No digo que no se conozcan en absoluto. Me limito a afirmar categóricamente que la sociedad actual vive de espaldas a las nuevas fórmulas democráticas que aquellos defienden. Y por eso declaro a esta sociedad más reaccionaria, analfabeta, insolidaria y cobarde que la de sus padres y abuelos. Ni siquiera me apetece criticar la bajura intelectual de nuestros gobernantes, sino la apatía política de la mayoría de sus gobernados. No les pido que empuñen una bandera o un arma. Les ruego que empuñen un libro. O que piensen, joder, que piensen.

 

Fuente:  http://www.lamarea.com/2014/05/07/pensad-malditos/

2 Comments

  1. Paco Bello
    Paco Bello 9 mayo, 2014

    Muy bueno. Despiadado, sí, pero hoy no corresponde otra cosa.

  2. ¡Magnífico artículo!
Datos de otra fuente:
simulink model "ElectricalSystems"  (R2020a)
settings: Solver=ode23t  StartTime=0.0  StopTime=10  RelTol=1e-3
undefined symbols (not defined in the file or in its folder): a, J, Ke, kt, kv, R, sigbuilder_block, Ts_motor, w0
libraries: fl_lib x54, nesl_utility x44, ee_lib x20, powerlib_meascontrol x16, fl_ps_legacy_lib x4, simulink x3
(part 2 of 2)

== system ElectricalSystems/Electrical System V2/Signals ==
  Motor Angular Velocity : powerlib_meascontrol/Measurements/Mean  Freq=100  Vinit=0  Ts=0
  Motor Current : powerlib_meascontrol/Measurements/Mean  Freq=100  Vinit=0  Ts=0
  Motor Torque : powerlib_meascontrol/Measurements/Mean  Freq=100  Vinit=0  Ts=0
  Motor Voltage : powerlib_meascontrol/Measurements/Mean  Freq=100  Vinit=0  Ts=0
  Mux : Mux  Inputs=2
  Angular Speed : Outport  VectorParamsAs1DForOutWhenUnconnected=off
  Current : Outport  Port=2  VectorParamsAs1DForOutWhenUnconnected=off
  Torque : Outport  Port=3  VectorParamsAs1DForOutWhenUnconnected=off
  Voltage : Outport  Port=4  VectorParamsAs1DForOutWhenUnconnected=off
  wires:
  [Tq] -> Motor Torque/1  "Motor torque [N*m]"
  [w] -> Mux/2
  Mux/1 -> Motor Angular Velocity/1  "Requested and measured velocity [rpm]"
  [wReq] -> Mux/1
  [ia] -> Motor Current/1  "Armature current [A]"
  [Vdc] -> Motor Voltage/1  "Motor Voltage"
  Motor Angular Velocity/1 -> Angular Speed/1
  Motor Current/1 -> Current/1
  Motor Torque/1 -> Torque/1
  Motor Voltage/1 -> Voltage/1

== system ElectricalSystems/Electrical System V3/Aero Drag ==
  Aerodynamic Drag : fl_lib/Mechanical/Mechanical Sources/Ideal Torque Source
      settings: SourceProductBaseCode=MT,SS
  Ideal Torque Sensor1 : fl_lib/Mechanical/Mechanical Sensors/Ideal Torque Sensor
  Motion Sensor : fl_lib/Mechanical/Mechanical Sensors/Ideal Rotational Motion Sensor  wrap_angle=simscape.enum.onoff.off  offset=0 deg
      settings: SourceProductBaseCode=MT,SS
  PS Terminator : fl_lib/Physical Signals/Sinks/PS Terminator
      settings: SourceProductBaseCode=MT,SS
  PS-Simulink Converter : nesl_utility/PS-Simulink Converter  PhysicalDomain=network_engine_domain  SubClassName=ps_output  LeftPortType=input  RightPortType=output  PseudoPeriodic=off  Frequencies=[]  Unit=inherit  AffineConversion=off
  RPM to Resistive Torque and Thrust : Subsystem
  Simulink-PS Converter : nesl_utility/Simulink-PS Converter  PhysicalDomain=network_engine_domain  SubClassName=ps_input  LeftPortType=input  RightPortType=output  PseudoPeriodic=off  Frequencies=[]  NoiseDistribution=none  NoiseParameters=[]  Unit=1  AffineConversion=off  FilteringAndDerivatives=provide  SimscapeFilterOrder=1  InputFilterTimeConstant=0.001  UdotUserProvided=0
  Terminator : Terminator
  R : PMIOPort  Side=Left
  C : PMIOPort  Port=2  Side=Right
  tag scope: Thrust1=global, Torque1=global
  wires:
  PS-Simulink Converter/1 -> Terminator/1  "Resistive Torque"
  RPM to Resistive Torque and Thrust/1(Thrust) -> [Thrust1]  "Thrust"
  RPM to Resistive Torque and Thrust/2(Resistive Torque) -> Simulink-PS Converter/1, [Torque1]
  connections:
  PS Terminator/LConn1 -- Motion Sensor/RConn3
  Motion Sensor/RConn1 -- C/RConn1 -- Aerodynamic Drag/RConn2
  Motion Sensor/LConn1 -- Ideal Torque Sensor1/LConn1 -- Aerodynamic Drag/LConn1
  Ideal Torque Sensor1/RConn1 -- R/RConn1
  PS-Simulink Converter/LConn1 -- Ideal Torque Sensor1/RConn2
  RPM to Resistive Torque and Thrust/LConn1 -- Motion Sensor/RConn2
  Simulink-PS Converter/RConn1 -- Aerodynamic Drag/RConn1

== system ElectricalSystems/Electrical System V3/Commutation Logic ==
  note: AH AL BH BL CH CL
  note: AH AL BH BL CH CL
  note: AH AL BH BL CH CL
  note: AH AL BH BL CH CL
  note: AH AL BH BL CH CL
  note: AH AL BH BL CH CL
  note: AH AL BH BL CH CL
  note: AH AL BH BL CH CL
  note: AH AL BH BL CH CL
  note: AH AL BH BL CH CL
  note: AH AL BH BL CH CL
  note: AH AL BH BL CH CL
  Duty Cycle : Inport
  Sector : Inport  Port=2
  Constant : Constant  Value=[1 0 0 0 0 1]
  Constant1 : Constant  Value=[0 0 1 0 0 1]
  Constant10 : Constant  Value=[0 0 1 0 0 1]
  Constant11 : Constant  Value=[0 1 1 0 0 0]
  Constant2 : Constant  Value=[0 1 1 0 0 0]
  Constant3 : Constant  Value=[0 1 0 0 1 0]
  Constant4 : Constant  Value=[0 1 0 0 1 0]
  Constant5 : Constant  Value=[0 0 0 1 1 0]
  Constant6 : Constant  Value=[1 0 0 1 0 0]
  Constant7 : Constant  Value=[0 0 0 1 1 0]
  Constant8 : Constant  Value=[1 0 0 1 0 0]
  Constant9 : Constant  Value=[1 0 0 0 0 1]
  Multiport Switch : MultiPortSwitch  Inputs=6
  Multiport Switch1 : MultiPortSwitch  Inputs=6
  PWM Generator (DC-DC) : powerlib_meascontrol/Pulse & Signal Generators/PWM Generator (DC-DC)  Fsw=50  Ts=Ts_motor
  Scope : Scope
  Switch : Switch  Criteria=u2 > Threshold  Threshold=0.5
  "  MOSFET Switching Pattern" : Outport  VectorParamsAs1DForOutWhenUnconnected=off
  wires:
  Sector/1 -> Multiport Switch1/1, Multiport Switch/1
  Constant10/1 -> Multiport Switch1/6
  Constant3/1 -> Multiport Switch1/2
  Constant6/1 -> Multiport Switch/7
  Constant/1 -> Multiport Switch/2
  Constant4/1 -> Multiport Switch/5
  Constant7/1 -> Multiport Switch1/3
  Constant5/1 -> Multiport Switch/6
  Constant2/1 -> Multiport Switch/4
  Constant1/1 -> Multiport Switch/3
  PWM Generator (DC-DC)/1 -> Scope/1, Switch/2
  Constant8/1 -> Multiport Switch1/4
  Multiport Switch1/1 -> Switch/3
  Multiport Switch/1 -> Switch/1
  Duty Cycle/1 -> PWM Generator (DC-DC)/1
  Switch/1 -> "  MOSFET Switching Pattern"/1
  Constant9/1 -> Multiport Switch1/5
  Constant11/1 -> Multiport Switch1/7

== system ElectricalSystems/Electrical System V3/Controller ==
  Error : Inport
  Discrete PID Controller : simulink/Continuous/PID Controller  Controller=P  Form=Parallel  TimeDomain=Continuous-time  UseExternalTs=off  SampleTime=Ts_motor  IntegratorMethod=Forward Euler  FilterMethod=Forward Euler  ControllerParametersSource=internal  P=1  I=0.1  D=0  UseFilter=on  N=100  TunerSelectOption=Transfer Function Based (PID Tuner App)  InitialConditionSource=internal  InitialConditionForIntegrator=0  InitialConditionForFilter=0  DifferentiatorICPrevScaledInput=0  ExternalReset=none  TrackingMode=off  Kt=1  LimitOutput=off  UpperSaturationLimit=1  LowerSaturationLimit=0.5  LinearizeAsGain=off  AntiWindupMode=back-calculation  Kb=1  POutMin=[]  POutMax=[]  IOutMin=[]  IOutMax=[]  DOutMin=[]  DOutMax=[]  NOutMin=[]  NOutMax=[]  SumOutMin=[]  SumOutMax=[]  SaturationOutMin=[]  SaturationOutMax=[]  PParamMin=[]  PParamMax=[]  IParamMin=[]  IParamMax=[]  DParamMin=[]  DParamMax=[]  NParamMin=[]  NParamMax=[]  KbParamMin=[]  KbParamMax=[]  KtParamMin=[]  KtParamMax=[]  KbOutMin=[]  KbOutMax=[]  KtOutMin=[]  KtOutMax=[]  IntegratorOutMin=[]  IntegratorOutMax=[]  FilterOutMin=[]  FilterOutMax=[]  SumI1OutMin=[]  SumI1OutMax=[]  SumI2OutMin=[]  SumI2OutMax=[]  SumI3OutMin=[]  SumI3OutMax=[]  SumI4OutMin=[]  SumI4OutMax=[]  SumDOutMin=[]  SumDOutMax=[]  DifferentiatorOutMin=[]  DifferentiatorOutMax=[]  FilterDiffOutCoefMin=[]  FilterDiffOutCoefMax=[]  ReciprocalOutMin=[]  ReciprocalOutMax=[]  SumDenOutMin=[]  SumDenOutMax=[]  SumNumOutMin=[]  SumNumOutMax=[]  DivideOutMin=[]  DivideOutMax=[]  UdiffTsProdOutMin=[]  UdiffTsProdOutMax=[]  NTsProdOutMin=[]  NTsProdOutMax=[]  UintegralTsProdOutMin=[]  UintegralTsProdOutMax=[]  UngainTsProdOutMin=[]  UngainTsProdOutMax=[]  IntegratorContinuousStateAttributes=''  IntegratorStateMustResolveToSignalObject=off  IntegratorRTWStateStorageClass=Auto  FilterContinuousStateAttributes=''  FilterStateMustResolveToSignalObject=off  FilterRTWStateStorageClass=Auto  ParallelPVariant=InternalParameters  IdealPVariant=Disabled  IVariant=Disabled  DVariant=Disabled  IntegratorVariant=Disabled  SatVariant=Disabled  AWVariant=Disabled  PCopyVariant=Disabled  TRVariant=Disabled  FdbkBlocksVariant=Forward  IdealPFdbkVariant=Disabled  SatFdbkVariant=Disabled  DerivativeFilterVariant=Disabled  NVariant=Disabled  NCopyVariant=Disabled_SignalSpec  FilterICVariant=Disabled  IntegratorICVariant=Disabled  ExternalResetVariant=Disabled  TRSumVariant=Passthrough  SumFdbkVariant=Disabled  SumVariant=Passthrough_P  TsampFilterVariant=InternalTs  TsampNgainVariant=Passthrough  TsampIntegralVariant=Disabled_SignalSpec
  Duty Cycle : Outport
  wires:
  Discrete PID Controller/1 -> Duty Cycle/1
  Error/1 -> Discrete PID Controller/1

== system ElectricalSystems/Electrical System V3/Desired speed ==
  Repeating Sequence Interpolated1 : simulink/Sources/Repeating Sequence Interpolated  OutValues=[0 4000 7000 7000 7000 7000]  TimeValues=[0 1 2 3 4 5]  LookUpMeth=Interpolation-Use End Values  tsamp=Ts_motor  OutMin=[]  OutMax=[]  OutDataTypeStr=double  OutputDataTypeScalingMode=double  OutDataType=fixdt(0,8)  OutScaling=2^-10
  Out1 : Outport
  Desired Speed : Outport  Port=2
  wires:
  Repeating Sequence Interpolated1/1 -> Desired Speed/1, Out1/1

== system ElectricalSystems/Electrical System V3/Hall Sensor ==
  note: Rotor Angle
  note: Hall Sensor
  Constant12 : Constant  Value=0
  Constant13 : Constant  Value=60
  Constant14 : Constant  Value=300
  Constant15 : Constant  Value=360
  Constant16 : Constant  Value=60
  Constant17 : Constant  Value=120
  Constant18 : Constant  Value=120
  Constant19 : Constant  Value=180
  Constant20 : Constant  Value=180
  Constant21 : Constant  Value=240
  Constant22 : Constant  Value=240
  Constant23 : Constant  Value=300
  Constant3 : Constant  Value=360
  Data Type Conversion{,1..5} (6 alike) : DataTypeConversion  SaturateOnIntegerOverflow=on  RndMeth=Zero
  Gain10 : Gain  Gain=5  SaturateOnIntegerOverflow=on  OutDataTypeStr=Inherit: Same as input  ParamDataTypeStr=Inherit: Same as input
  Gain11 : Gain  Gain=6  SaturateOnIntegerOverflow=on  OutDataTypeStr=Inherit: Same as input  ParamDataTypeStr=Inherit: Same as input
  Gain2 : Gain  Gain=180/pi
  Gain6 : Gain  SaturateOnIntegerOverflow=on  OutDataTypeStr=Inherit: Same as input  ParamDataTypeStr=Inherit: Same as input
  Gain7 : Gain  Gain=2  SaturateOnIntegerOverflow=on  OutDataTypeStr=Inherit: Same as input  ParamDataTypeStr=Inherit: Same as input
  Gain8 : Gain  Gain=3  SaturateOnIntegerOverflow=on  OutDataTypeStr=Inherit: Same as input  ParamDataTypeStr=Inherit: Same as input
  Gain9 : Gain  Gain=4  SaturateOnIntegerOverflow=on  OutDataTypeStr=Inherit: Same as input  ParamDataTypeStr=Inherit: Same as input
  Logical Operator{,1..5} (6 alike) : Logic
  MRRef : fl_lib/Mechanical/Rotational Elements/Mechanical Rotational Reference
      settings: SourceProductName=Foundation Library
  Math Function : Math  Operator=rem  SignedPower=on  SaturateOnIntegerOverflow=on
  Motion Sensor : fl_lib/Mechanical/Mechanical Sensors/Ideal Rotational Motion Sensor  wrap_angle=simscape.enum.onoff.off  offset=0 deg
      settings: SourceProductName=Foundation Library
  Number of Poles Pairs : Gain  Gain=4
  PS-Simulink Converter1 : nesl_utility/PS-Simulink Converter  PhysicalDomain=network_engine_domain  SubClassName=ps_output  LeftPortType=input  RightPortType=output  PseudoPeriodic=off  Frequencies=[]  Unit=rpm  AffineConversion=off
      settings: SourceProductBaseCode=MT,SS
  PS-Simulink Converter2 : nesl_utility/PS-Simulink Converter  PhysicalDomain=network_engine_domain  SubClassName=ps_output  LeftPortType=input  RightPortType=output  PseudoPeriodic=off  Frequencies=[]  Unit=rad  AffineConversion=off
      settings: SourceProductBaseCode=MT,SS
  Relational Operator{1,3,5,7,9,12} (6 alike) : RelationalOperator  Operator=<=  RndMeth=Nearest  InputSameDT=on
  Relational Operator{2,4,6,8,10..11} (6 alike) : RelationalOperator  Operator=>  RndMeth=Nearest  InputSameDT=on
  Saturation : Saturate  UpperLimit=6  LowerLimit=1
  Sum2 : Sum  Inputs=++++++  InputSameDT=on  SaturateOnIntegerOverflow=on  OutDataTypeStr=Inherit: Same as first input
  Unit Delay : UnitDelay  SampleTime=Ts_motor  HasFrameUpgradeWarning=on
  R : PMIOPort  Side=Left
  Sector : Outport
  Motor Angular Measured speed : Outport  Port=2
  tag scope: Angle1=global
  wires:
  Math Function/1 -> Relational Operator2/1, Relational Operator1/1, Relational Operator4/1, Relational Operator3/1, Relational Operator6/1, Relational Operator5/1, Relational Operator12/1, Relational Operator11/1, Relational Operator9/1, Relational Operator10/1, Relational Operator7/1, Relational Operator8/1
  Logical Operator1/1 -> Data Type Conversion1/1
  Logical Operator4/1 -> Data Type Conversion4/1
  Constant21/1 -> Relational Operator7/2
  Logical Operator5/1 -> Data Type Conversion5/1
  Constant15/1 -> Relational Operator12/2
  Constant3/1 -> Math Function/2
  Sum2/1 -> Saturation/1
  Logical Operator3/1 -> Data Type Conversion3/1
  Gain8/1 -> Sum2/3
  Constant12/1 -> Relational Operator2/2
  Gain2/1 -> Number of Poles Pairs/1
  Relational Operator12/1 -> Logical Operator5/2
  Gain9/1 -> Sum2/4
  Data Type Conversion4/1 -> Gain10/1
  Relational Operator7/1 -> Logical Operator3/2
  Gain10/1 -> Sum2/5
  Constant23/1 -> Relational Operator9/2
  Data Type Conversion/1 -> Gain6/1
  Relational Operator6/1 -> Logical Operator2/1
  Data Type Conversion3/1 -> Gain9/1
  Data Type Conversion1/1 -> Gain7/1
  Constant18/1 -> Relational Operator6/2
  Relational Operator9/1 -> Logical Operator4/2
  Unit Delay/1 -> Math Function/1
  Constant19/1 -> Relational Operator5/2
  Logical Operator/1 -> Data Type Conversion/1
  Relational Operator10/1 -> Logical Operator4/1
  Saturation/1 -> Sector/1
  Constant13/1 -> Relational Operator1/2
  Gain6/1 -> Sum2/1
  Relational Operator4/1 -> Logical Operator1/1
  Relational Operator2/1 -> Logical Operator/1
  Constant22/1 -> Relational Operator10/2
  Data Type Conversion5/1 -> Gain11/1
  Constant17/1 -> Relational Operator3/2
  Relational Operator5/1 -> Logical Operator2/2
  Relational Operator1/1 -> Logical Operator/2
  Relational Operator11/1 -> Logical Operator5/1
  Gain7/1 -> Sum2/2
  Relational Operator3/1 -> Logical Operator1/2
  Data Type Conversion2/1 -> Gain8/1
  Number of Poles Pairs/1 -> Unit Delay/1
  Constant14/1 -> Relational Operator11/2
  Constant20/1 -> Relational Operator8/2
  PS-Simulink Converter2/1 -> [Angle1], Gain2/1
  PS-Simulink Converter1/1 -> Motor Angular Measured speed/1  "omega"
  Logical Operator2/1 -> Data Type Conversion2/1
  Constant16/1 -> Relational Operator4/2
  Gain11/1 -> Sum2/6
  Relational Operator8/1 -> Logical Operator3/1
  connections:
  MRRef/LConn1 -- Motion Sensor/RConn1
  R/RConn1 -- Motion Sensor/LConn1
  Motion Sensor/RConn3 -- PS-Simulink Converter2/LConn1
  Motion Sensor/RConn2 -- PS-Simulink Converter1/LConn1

A veces siento pena al leer algunas expresiones en FB, (¡Viva la república!, ¡Son todos unos mamones!, ¡Cabrones! ¡Que se vayan a picar piedra!, etc. etc. etc. Y otras lindezas!), que quedan muy «revolucionarias», el autor a autores, ya se han quedado «a gusto», ¡Misión cumplida!; ahora, a esperar el próximo artículo, para decir lo mismo, y así sucesivamente, pero lo raro, (por desgracia), es encontrar comentarios razonados, aportaciones, reflexiones, e incluso críticas. por esa razón, encuentro tan interesante el artículo, por que sin ser muy extenso, pone el énfasis en la raíz del problema; se tacha de «anticuados» a los grandes pensadores, la mayoría de las veces sin haber leído ni una línea, pero eso si, como si nos hubiéramos leído «El capital», de cabo a rabo.
    Gracias por esa aportación, que ojalá sirva, para que al menos alguno, empiece a PENSAR un poco.